How can we help principled flatlanders understand the changes taking place in our young adventurer’s interior economy? The scope of his dizzying equations grew. Where previously, by yielding just slightly, he had not found it easy to separate the “now” of today from that of yesterday, or the day before yesterday, or the day before that, when all were alike as peas in a pod, of late that same “now” was apt, even likely, to muddle its present with a present that had prevailed a month or a year before, and to fuse into an “always.” But since his moral states of consciousness kept “still,” “again,” and “next” separate to some extent, the temptation grew to expand relational terms like “yesterday” and “tomorrow”—words by which “today” holds the past and the future at arm’s length—and to apply them to still larger contexts.

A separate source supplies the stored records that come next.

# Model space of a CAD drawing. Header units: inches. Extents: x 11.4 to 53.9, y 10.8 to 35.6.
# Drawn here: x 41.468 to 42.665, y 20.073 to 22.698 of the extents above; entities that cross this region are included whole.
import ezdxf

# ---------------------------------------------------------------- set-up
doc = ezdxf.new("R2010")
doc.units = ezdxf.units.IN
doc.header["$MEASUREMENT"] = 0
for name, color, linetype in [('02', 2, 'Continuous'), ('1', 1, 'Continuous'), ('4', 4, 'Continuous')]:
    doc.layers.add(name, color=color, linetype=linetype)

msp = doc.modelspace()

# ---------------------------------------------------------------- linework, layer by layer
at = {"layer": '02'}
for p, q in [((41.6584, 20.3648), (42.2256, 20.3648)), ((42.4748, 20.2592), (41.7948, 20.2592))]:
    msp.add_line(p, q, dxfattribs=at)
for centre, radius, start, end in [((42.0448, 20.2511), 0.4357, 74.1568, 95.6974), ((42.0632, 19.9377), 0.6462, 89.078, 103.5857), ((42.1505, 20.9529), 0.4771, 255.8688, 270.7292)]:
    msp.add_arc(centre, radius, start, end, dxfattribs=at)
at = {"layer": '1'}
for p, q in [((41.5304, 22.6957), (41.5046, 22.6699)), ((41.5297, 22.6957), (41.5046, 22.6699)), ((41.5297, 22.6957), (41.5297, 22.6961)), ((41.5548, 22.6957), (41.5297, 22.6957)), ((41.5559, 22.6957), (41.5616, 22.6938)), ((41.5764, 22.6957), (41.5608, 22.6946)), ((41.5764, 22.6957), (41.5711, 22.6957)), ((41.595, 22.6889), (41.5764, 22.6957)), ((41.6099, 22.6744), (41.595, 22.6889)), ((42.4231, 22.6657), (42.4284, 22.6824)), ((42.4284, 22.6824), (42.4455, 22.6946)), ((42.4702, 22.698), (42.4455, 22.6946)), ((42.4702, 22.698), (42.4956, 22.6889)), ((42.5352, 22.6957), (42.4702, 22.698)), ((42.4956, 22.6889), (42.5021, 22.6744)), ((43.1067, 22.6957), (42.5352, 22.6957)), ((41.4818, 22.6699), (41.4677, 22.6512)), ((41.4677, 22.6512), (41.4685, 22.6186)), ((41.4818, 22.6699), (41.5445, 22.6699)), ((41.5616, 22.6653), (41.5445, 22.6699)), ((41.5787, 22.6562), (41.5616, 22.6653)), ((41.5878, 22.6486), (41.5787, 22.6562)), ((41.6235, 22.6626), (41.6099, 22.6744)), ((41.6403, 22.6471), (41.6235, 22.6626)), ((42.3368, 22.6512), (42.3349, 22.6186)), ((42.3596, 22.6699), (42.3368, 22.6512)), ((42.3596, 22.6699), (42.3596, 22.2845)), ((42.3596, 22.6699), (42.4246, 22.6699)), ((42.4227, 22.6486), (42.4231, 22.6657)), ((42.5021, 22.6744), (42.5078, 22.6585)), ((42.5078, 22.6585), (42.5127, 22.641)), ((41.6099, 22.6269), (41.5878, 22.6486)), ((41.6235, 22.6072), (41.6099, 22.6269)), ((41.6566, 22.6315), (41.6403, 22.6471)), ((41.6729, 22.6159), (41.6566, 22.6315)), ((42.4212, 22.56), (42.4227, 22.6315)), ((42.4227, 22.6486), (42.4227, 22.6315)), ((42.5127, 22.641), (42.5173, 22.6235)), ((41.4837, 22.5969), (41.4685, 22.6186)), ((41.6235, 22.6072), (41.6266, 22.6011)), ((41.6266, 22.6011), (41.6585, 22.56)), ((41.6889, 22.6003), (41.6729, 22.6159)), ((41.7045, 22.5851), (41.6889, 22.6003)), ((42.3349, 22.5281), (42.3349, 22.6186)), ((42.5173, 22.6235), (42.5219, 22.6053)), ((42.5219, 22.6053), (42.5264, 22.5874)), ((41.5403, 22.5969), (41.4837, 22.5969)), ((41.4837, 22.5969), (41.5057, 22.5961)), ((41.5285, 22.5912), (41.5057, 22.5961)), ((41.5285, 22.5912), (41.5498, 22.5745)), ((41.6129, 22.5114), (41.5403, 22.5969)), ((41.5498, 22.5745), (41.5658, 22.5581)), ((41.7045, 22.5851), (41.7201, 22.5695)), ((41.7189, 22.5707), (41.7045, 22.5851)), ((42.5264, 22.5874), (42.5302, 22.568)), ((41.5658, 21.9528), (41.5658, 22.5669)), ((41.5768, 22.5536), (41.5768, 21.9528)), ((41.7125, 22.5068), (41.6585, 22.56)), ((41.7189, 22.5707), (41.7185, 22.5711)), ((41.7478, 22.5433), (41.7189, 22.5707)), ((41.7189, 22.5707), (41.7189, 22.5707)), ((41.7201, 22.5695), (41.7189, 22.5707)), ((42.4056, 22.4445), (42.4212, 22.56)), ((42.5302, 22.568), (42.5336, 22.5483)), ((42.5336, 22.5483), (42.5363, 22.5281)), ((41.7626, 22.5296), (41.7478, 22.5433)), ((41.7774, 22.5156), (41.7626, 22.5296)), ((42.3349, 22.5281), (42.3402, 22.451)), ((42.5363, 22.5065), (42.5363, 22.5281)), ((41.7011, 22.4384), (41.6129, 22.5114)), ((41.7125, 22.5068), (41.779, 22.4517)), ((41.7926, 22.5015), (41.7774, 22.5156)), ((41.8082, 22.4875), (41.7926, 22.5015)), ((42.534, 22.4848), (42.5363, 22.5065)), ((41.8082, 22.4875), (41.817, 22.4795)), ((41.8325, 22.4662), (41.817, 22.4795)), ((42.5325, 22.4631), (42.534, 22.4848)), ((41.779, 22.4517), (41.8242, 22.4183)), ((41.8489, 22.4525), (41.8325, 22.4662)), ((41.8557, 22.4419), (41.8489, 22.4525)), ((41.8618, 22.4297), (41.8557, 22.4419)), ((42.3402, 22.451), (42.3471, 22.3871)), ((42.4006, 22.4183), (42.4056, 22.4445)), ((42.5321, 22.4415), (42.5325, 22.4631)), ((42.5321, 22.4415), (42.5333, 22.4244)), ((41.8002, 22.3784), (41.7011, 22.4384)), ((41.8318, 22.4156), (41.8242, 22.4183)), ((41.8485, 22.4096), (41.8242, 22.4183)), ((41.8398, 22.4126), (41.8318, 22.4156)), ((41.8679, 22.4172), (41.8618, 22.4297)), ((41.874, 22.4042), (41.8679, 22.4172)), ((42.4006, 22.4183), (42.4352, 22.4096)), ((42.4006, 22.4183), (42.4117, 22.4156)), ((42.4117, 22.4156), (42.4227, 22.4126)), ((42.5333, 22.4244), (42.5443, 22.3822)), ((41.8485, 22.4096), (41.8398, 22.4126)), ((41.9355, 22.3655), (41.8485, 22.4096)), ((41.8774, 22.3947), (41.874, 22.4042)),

It is not difficult to imagine creatures, on smaller planets perhaps, who administer a miniaturized time and for whose “short” life the nimble, mincing steps of our second hand possess the dogged spatial frugality of an hour hand. But it is also possible to imagine creatures whose space requires time to move at a pace so monumental that in their experience our terms for describing intervals like “just now” and “in a bit” acquire the vastly expanded meaning of “yesterday” and “tomorrow.” That would be, we repeat, not only possible, but when viewed in the spirit of a tolerant relativism a la “when in Rome,” it might also be considered legitimate, healthy, and respectable. But what should one think of a son of this earth—at an age, moreover, when a day, a week, a month, a semester should play an important role in life and bring a great many changes and much progress—who one day acquires the disgraceful habit, or at least yields occasionally to the pleasure, of saying “yesterday” for “a year ago” and “tomorrow” for “a year from now”? There is no doubt that it would be appropriate to judge him as “lost and confused” and worthy of our gravest concern.